The album cover that turned Josh Homme into a revolutionary
The art of judging a book by its cover is more or less extinct at this point in music, yet that’s what made Josh Homme the culture-shifting artist he is today.
The immediacy of complete and total access to pretty much all the music in the world has completely changed the way people go about listening to music. Streaming means we don’t really need to take chances anymore, because we can listen to material we’re unfamiliar with and don’t end up enjoying as part of the same transaction that allows us to keep listening to what we love. The whole process of coming across something new, giving it a try and then deciding whether or not you want it to be a part of your life can last all of five minutes today.
Once upon a time, however, consuming music was a far greater gamble with a lot more at stake. Staring at an album cover and wondering how the imagery might sound isn’t really something people do anymore, simply because they don’t have to. There’s no paywall between cover art and the songs it carries when you have an endless supply from your Spotify or Apple Music subscription, which typically costs less per month than one physical copy of an album. That is precisely why you had to put more thought into purchasing CDs, vinyl records or cassette tapes that you had never heard before but were still intrigued by based on their facade.
To that point, Homme credits his radicalisation as an artist to one particular album that set him on the path he is still on, all because the cover caught his attention. During an interview with Entertainment Weekly, he revealed that the first record he ever bought with his own money was a live compilation album by various punk artists titled Eastern Front.

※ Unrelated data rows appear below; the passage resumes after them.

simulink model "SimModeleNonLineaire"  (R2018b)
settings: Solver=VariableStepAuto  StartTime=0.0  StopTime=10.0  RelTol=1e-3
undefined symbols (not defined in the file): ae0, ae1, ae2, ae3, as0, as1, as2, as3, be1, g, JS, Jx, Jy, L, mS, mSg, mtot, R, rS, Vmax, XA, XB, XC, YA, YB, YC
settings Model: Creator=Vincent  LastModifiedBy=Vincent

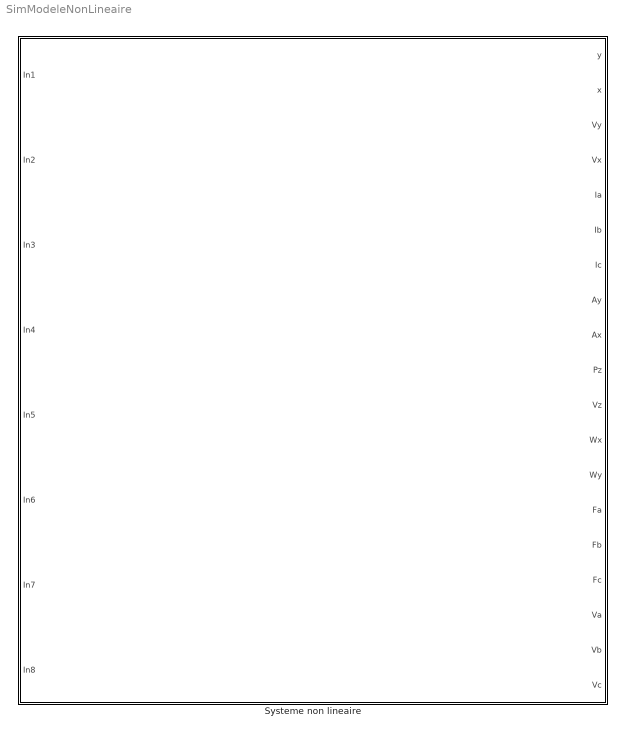
== system SimModeleNonLineaire ==
  Systeme non lineaire : Subsystem

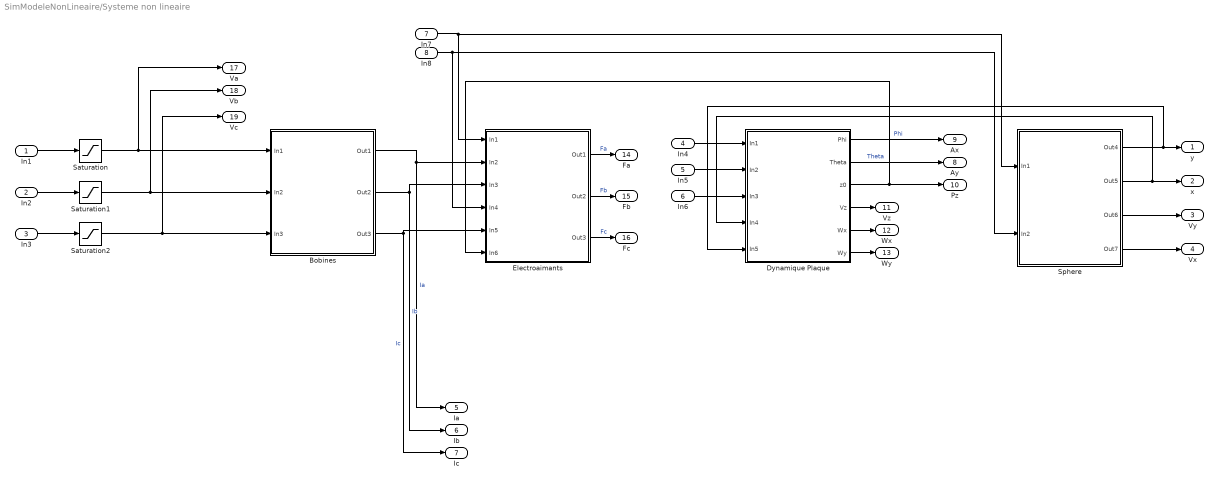
== system SimModeleNonLineaire/Systeme non lineaire ==
  In1 : Inport
  In2 : Inport  Port=2
  In3 : Inport  Port=3
  In4 : Inport  Port=4
  In5 : Inport  Port=5
  In6 : Inport  Port=6
  In7 : Inport  Port=7
  In8 : Inport  Port=8
  Bobines : Subsystem
  Dynamique Plaque : Subsystem
  Electroaimants : Subsystem
  Saturation : Saturate  UpperLimit=Vmax  LowerLimit=-Vmax
  Saturation1 : Saturate  UpperLimit=Vmax  LowerLimit=-Vmax
  Saturation2 : Saturate  UpperLimit=Vmax  LowerLimit=-Vmax
  Sphere : Subsystem
  y : Outport
  x : Outport  Port=2
  Vy : Outport  Port=3
  Vx : Outport  Port=4
  Ia : Outport  Port=5
  Ib : Outport  Port=6
  Ic : Outport  Port=7
  Ay : Outport  Port=8
  Ax : Outport  Port=9
  Pz : Outport  Port=10
  Vz : Outport  Port=11
  Wx : Outport  Port=12
  Wy : Outport  Port=13
  Fa : Outport  Port=14
  Fb : Outport  Port=15
  Fc : Outport  Port=16
  Va : Outport  Port=17
  Vb : Outport  Port=18
  Vc : Outport  Port=19
  wires:
  Electroaimants/2(Out2) -> Fb/1  "Fb"
  Bobines/2(Out2) -> Ib/1, Electroaimants/3(In3)  "Ib"
  Bobines/1(Out1) -> Electroaimants/2(In2), Ia/1  "Ia"
  Dynamique Plaque/2(Theta) -> Ay/1  "Theta"
  In2/1 -> Saturation1/1
  Electroaimants/1(Out1) -> Fa/1  "Fa"
  In1/1 -> Saturation/1
  Electroaimants/3(Out3) -> Fc/1  "Fc"
  Dynamique Plaque/1(Phi) -> Ax/1  "Phi"
  Bobines/3(Out3) -> Ic/1, Electroaimants/5(In5)  "Ic"
  In3/1 -> Saturation2/1
  Sphere/1(Out4) -> y/1, Dynamique Plaque/5(In5)
  Sphere/2(Out5) -> Dynamique Plaque/4(In4), x/1
  Sphere/3(Out6) -> Vy/1
  Sphere/4(Out7) -> Vx/1
  Dynamique Plaque/4(Vz) -> Vz/1
  Dynamique Plaque/5(Wx) -> Wx/1
  Dynamique Plaque/6(Wy) -> Wy/1
  Saturation/1 -> Bobines/1(In1), Va/1
  Saturation2/1 -> Bobines/3(In3), Vc/1
  Saturation1/1 -> Bobines/2(In2), Vb/1
  Dynamique Plaque/3(z0) -> Pz/1, Electroaimants/6(In6)
  In4/1 -> Dynamique Plaque/1(In1)
  In5/1 -> Dynamique Plaque/2(In2)
  In6/1 -> Dynamique Plaque/3(In3)
  In8/1 -> Electroaimants/4(In4), Sphere/2(In2)
  In7/1 -> Sphere/1(In1), Electroaimants/1(In1)

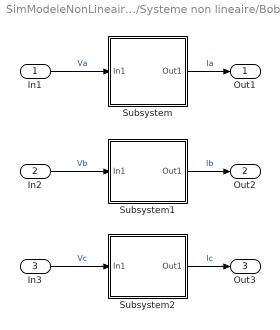
== system SimModeleNonLineaire/Systeme non lineaire/Bobines ==
  In1 : Inport
  In2 : Inport  Port=2
  In3 : Inport  Port=3
  Subsystem : Subsystem
  Subsystem1 : Subsystem
  Subsystem2 : Subsystem
  Out1 : Outport
  Out2 : Outport  Port=2
  Out3 : Outport  Port=3
  wires:
  In1/1 -> Subsystem/1(In1)  "Va"
  In2/1 -> Subsystem1/1(In1)  "Vb"
  Subsystem2/1(Out1) -> Out3/1  "Ic"
  Subsystem/1(Out1) -> Out1/1  "Ia"
  In3/1 -> Subsystem2/1(In1)  "Vc"
  Subsystem1/1(Out1) -> Out2/1  "Ib"

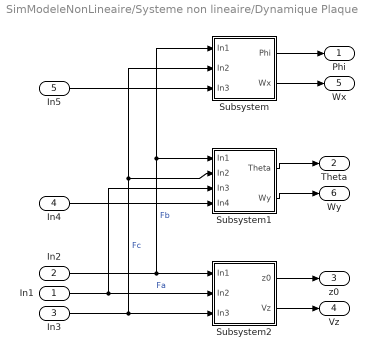
== system SimModeleNonLineaire/Systeme non lineaire/Dynamique Plaque ==
  In1 : Inport
  In2 : Inport  Port=2
  In3 : Inport  Port=3
  In4 : Inport  Port=4
  In5 : Inport  Port=5
  Subsystem : Subsystem
  Subsystem1 : Subsystem
  Subsystem2 : Subsystem
  Phi : Outport
  Theta : Outport  Port=2
  z0 : Outport  Port=3
  Vz : Outport  Port=4
  Wx : Outport  Port=5
  Wy : Outport  Port=6
  wires:
  In1/1 -> Subsystem1/3(In3), Subsystem2/2(In2)  "Fa"
  In3/1 -> Subsystem/2(In2), Subsystem1/2(In2), Subsystem2/3(In3)  "Fc"
  Subsystem1/1(Theta) -> Theta/1
  In2/1 -> Subsystem1/1(In1), Subsystem/1(In1), Subsystem2/1(In1)  "Fb"
  Subsystem/1(Phi) -> Phi/1
  Subsystem2/1(z0) -> z0/1
  Subsystem2/2(Vz) -> Vz/1
  Subsystem/2(Wx) -> Wx/1
  Subsystem1/2(Wy) -> Wy/1
  In4/1 -> Subsystem1/4(In4)
  In5/1 -> Subsystem/3(In3)

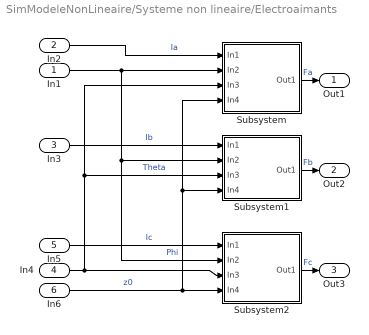
== system SimModeleNonLineaire/Systeme non lineaire/Electroaimants ==
  In1 : Inport
  In2 : Inport  Port=2
  In3 : Inport  Port=3
  In4 : Inport  Port=4
  In5 : Inport  Port=5
  In6 : Inport  Port=6
  Subsystem : Subsystem
  Subsystem1 : Subsystem
  Subsystem2 : Subsystem
  Out1 : Outport
  Out2 : Outport  Port=2
  Out3 : Outport  Port=3
  wires:
  In6/1 -> Subsystem2/4(In4), Subsystem1/4(In4), Subsystem/4(In4)  "z0"
  In4/1 -> Subsystem2/3(In3), Subsystem/3(In3), Subsystem1/3(In3)  "Theta"
  In5/1 -> Subsystem2/1(In1)  "Ic"
  In1/1 -> Subsystem/2(In2), Subsystem2/2(In2), Subsystem1/2(In2)  "Phi"
  Subsystem2/1(Out1) -> Out3/1  "Fc"
  In2/1 -> Subsystem/1(In1)  "Ia"
  In3/1 -> Subsystem1/1(In1)  "Ib"
  Subsystem1/1(Out1) -> Out2/1  "Fb"
  Subsystem/1(Out1) -> Out1/1  "Fa"

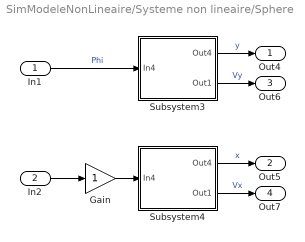
== system SimModeleNonLineaire/Systeme non lineaire/Sphere ==
  In1 : Inport
  In2 : Inport  Port=2
  Gain : Gain
  Subsystem3 : Subsystem
  Subsystem4 : Subsystem
  Out4 : Outport
  Out5 : Outport  Port=2
  Out6 : Outport  Port=3
  Out7 : Outport  Port=4
  wires:
  Subsystem3/2(Out1) -> Out6/1  "Vy"
  Subsystem4/1(Out4) -> Out5/1  "x"
  Subsystem3/1(Out4) -> Out4/1  "y"
  In2/1 -> Gain/1
  Subsystem4/2(Out1) -> Out7/1  "Vx"
  Gain/1 -> Subsystem4/1(In4)
  In1/1 -> Subsystem3/1(In4)  "Phi"

== system SimModeleNonLineaire/Systeme non lineaire/Bobines/Subsystem ==
  note: Ia
  note: Va
  In1 : Inport
  Gain : Gain  Gain=1/L
  Gain1 : Gain  Gain=R/L
  Integrator : Integrator
  Sum : Sum  Inputs=|+-
  Out1 : Outport
  wires:
  Integrator/1 -> Out1/1, Gain1/1
  Gain/1 -> Sum/1
  Gain1/1 -> Sum/2
  Sum/1 -> Integrator/1
  In1/1 -> Gain/1

== system SimModeleNonLineaire/Systeme non lineaire/Bobines/Subsystem1 ==
  In1 : Inport
  Gain : Gain  Gain=1/L
  Gain1 : Gain  Gain=R/L
  Integrator : Integrator
  Sum : Sum  Inputs=|+-
  Out1 : Outport
  wires:
  Integrator/1 -> Out1/1, Gain1/1
  Gain/1 -> Sum/1
  Gain1/1 -> Sum/2
  Sum/1 -> Integrator/1
  In1/1 -> Gain/1

== system SimModeleNonLineaire/Systeme non lineaire/Bobines/Subsystem2 ==
  In1 : Inport
  Gain : Gain  Gain=1/L
  Gain1 : Gain  Gain=R/L
  Integrator : Integrator
  Sum : Sum  Inputs=|+-
  Out1 : Outport
  wires:
  Integrator/1 -> Out1/1, Gain1/1
  Gain/1 -> Sum/1
  Gain1/1 -> Sum/2
  Sum/1 -> Integrator/1
  In1/1 -> Gain/1

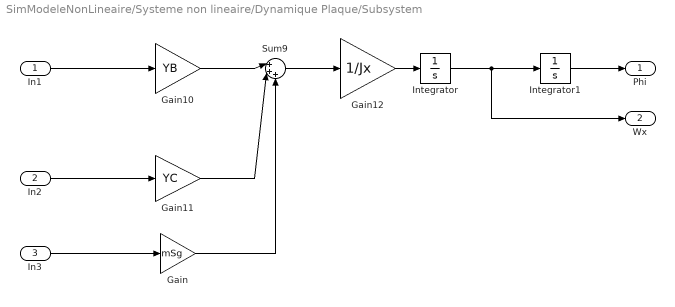
== system SimModeleNonLineaire/Systeme non lineaire/Dynamique Plaque/Subsystem ==
  In1 : Inport
  In2 : Inport  Port=2
  In3 : Inport  Port=3
  Gain : Gain  Gain=mSg
  Gain10 : Gain  Gain=YB
  Gain11 : Gain  Gain=YC
  Gain12 : Gain  Gain=1/Jx
  Integrator : Integrator
  Integrator1 : Integrator
  Sum9 : Sum  Inputs=|+++
  Phi : Outport
  Wx : Outport  Port=2
  wires:
  Integrator1/1 -> Phi/1
  In2/1 -> Gain11/1
  Integrator/1 -> Wx/1, Integrator1/1
  Gain10/1 -> Sum9/1
  Sum9/1 -> Gain12/1
  Gain12/1 -> Integrator/1
  Gain11/1 -> Sum9/2
  In1/1 -> Gain10/1
  Gain/1 -> Sum9/3
  In3/1 -> Gain/1

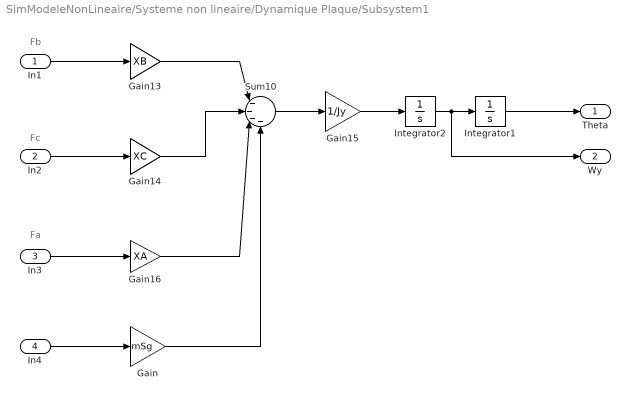
== system SimModeleNonLineaire/Systeme non lineaire/Dynamique Plaque/Subsystem1 ==
  note: Fa
  note: Fc
  note: Fb
  In1 : Inport
  In2 : Inport  Port=2
  In3 : Inport  Port=3
  In4 : Inport  Port=4
  Gain : Gain  Gain=mSg
  Gain13 : Gain  Gain=XB
  Gain14 : Gain  Gain=XC
  Gain15 : Gain  Gain=1/Jy
  Gain16 : Gain  Gain=XA
  Integrator1 : Integrator
  Integrator2 : Integrator
  Sum10 : Sum  Inputs=|----
  Theta : Outport
  Wy : Outport  Port=2
  wires:
  In3/1 -> Gain16/1
  Gain14/1 -> Sum10/2
  Gain15/1 -> Integrator2/1
  Sum10/1 -> Gain15/1
  In1/1 -> Gain13/1
  Gain13/1 -> Sum10/1
  Integrator2/1 -> Wy/1, Integrator1/1
  In2/1 -> Gain14/1
  Gain16/1 -> Sum10/3
  Integrator1/1 -> Theta/1
  In4/1 -> Gain/1
  Gain/1 -> Sum10/4

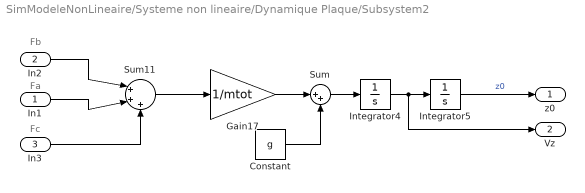
== system SimModeleNonLineaire/Systeme non lineaire/Dynamique Plaque/Subsystem2 ==
  note: Fc
  note: Fa
  note: Fb
  In1 : Inport
  In2 : Inport  Port=2
  In3 : Inport  Port=3
  Constant : Constant  Value=g
  Gain17 : Gain  Gain=1/mtot
  Integrator4 : Integrator
  Integrator5 : Integrator  InitialCondition=0.015
  Sum : Sum  Inputs=|++
  Sum11 : Sum  Inputs=|+++
  z0 : Outport
  Vz : Outport  Port=2
  wires:
  Integrator5/1 -> z0/1  "z0"
  In3/1 -> Sum11/3
  Sum11/1 -> Gain17/1
  In1/1 -> Sum11/2
  Integrator4/1 -> Vz/1, Integrator5/1
  Gain17/1 -> Sum/1
  In2/1 -> Sum11/1
  Sum/1 -> Integrator4/1
  Constant/1 -> Sum/2

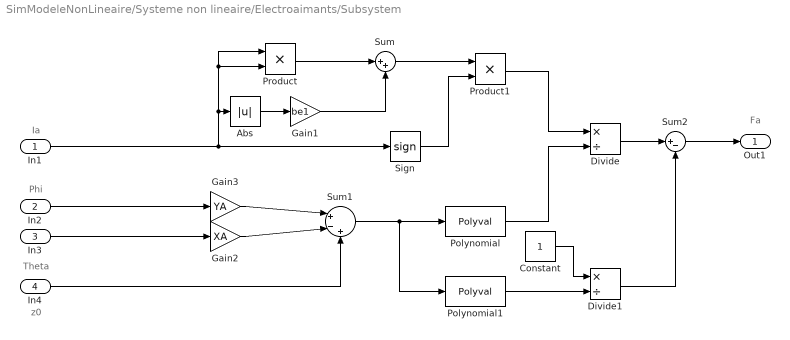
== system SimModeleNonLineaire/Systeme non lineaire/Electroaimants/Subsystem ==
  note: Fa
  note: z0
  note: Theta
  note: Phi
  note: Ia
  In1 : Inport
  In2 : Inport  Port=2
  In3 : Inport  Port=3
  In4 : Inport  Port=4
  Abs : Abs
  Constant : Constant
  Divide : Product  Inputs=*/
  Divide1 : Product  Inputs=*/
  Gain1 : Gain  Gain=be1
  Gain2 : Gain  Gain=XA
  Gain3 : Gain  Gain=YA
  Polynomial : Polyval  Coefs=[ae3 ae2 ae1 ae0]
  Polynomial1 : Polyval  Coefs=[as3 as2 as1 as0]
  Product : Product
  Product1 : Product
  Sign : Signum
  Sum : Sum  Inputs=|++
  Sum1 : Sum  Inputs=|+-+
  Sum2 : Sum  Inputs=|+-
  Out1 : Outport
  wires:
  Sum/1 -> Product1/1
  Product1/1 -> Divide/1
  Gain2/1 -> Sum1/2
  Sum2/1 -> Out1/1
  Constant/1 -> Divide1/1
  Product/1 -> Sum/1
  Polynomial/1 -> Divide/2
  In1/1 -> Product/1, Product/2, Abs/1, Sign/1
  Abs/1 -> Gain1/1
  Gain1/1 -> Sum/2
  Polynomial1/1 -> Divide1/2
  Sum1/1 -> Polynomial1/1, Polynomial/1
  Sign/1 -> Product1/2
  In4/1 -> Sum1/3
  Divide/1 -> Sum2/1
  Gain3/1 -> Sum1/1
  Divide1/1 -> Sum2/2
  In2/1 -> Gain3/1
  In3/1 -> Gain2/1

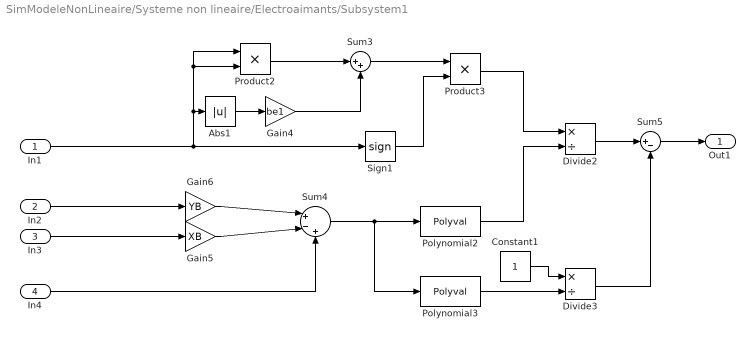
== system SimModeleNonLineaire/Systeme non lineaire/Electroaimants/Subsystem1 ==
  In1 : Inport
  In2 : Inport  Port=2
  In3 : Inport  Port=3
  In4 : Inport  Port=4
  Abs1 : Abs
  Constant1 : Constant
  Divide2 : Product  Inputs=*/
  Divide3 : Product  Inputs=*/
  Gain4 : Gain  Gain=be1
  Gain5 : Gain  Gain=XB
  Gain6 : Gain  Gain=YB
  Polynomial2 : Polyval  Coefs=[ae3 ae2 ae1 ae0]
  Polynomial3 : Polyval  Coefs=[as3 as2 as1 as0]
  Product2 : Product
  Product3 : Product
  Sign1 : Signum
  Sum3 : Sum  Inputs=|++
  Sum4 : Sum  Inputs=|+-+
  Sum5 : Sum  Inputs=|+-
  Out1 : Outport
  wires:
  In2/1 -> Gain6/1
  Gain6/1 -> Sum4/1
  In4/1 -> Sum4/3
  Gain5/1 -> Sum4/2
  Sum4/1 -> Polynomial3/1, Polynomial2/1
  In1/1 -> Product2/1, Product2/2, Abs1/1, Sign1/1
  Constant1/1 -> Divide3/1
  Sign1/1 -> Product3/2
  Divide2/1 -> Sum5/1
  In3/1 -> Gain5/1
  Divide3/1 -> Sum5/2
  Polynomial3/1 -> Divide3/2
  Product3/1 -> Divide2/1
  Gain4/1 -> Sum3/2
  Abs1/1 -> Gain4/1
  Product2/1 -> Sum3/1
  Sum3/1 -> Product3/1
  Polynomial2/1 -> Divide2/2
  Sum5/1 -> Out1/1

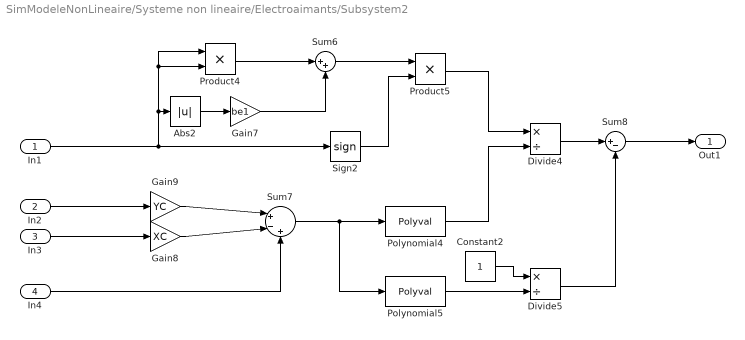
== system SimModeleNonLineaire/Systeme non lineaire/Electroaimants/Subsystem2 ==
  In1 : Inport
  In2 : Inport  Port=2
  In3 : Inport  Port=3
  In4 : Inport  Port=4
  Abs2 : Abs
  Constant2 : Constant
  Divide4 : Product  Inputs=*/
  Divide5 : Product  Inputs=*/
  Gain7 : Gain  Gain=be1
  Gain8 : Gain  Gain=XC
  Gain9 : Gain  Gain=YC
  Polynomial4 : Polyval  Coefs=[ae3 ae2 ae1 ae0]
  Polynomial5 : Polyval  Coefs=[as3 as2 as1 as0]
  Product4 : Product
  Product5 : Product
  Sign2 : Signum
  Sum6 : Sum  Inputs=|++
  Sum7 : Sum  Inputs=|+-+
  Sum8 : Sum  Inputs=|+-
  Out1 : Outport
  wires:
  Gain9/1 -> Sum7/1
  Gain8/1 -> Sum7/2
  Divide5/1 -> Sum8/2
  Divide4/1 -> Sum8/1
  Constant2/1 -> Divide5/1
  In1/1 -> Product4/1, Product4/2, Abs2/1, Sign2/1
  Sum7/1 -> Polynomial5/1, Polynomial4/1
  Sign2/1 -> Product5/2
  In2/1 -> Gain9/1
  Product4/1 -> Sum6/1
  Product5/1 -> Divide4/1
  In4/1 -> Sum7/3
  Polynomial5/1 -> Divide5/2
  Gain7/1 -> Sum6/2
  Polynomial4/1 -> Divide4/2
  Sum6/1 -> Product5/1
  Abs2/1 -> Gain7/1
  Sum8/1 -> Out1/1
  In3/1 -> Gain8/1

== system SimModeleNonLineaire/Systeme non lineaire/Sphere/Subsystem3 ==
  note: y
  note: Vy
  note: Phi
  In4 : Inport  Tag=Theta
  Gain : Gain  Gain=mS*g/(mS+JS/rS^2)
  Integrator : Integrator
  Integrator1 : Integrator
  Out4 : Outport
  Out1 : Outport  Port=2
  wires:
  Gain/1 -> Integrator/1
  In4/1 -> Gain/1
  Integrator1/1 -> Out4/1
  Integrator/1 -> Out1/1, Integrator1/1

== system SimModeleNonLineaire/Systeme non lineaire/Sphere/Subsystem4 ==
  In4 : Inport  Tag=Theta
  Gain : Gain  Gain=-mS*g/(mS+JS/rS^2)
  Integrator : Integrator
  Integrator1 : Integrator
  Out4 : Outport
  Out1 : Outport  Port=2
  wires:
  Gain/1 -> Integrator/1
  In4/1 -> Gain/1
  Integrator1/1 -> Out4/1
  Integrator/1 -> Out1/1, Integrator1/1

A glimpse into the early-1980s hardcore scene, the collection he was referring to was the second instalment in a three-part series. Each release was made up entirely of recordings from the Eastern Front Festival, which took place annually in the California Bay Area from 1981 to 1984. The 1983 edition that the singer and guitarist took home was mostly packed with California bands, though a handful came from out of state, and one even made the trip over from Britain. The tracklist featured the likes of Channel 3, Wasted Youth, Jody Foster’s Army (JFA), Circle One, and Chron-Gen, among a few others.
“I bought it purely for the cover,” Homme admitted. “People say don’t judge a book by its cover, but that’s what people with a shitty cover say.”
Not much information about said album is available to the public, although it’s pretty clear that the artwork in question is a twist on one of the most famous photographs of all time: six United States soldiers raising their country’s flag during a battle in Japan as part of the Pacific War of the early 1940s. The cover art of Easter Front, contrarily, features a posterised version of the shot in which the US flag has been replaced by the Rising Sun Flag, which is a common and controversial symbol of Japanese nationalism. The imagery, which represented an aversion to Western militarism, did indeed set something off in Homme, which is clear from the next three albums he purchased.
“The next three were the Cramps’ …Off the Bone, Misfits’ Legacy of Brutality, and The Stooges’ Raw Power,” he shared. “When it’s time for you to revolt and buy real music, no matter what you end up buying, you’re kind of looking to go wild.”